Stored dataset items:
- - -

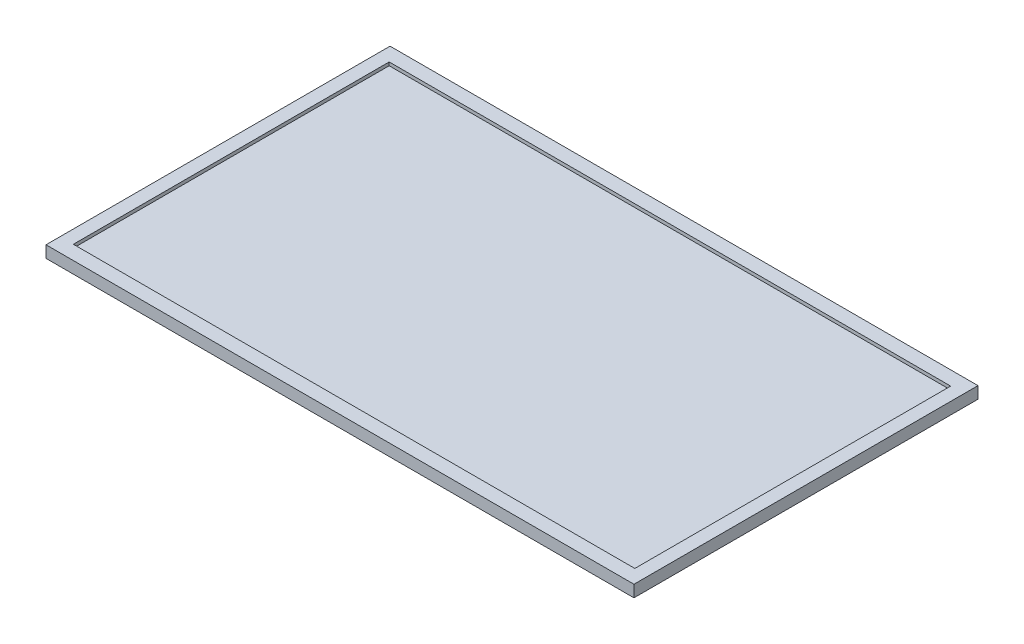
SolidWorks part; units mm, degrees
ref_plane "Alzado" through (0, 0, 0) normal (0, 0, 1) x (1, 0, 0)
ref_plane "Planta" through (0, 0, 0) normal (0, 1, 0) x (1, 0, 0)
ref_plane "Vista lateral" through (0, 0, 0) normal (1, 0, 0) x (0, 0, -1)
sketch "Croquis1" plane through (0, 0, 0) normal (0, 1, 0) x (1, 0, 0)
  line L1 (0, 0) -> (533.2, 0)
  line L2 (0, 0) -> (0, 312)
  line L3 (0, 312) -> (533.2, 312)
  line L4 (533.2, 0) -> (533.2, 312)
  dimension "D1" = 533.2
  dimension "D2" = 312
extrude "Saliente-Extruir1" add sketch "Croquis1" along normal blind 10.7
sketch "Croquis2" plane through (0, 10.7, 0) normal (0, 1, 0) x (1, 0, 0)
  line L0 (533.2, 312) -> (0, 312) construction
  line L1 (12.008, 299.208) -> (521.192, 299.208)
  line L2 (12.008, 299.208) -> (12.008, 12.792)
  line L3 (12.008, 12.792) -> (521.192, 12.792)
  line L4 (521.192, 299.208) -> (521.192, 12.792)
  line L5 (0, 312) -> (0, 0) construction
  point P4 (266.6, 299.208)
  point P7 (266.6, 312)
  point P8 (12.008, 156)
  point P11 (0, 156)
  dimension "D1" = 509.184
  dimension "D2" = 286.416
extrude "Cortar-Extruir1" cut sketch "Croquis2" against normal blind 3

- - -

WHAT THE TASK REQUIRES
Show all of the lines above in which "blind" is present.

ANSWER TO THE EXERCISE
extrude "Saliente-Extruir1" add sketch "Croquis1" along normal blind 10.7
extrude "Cortar-Extruir1" cut sketch "Croquis2" against normal blind 3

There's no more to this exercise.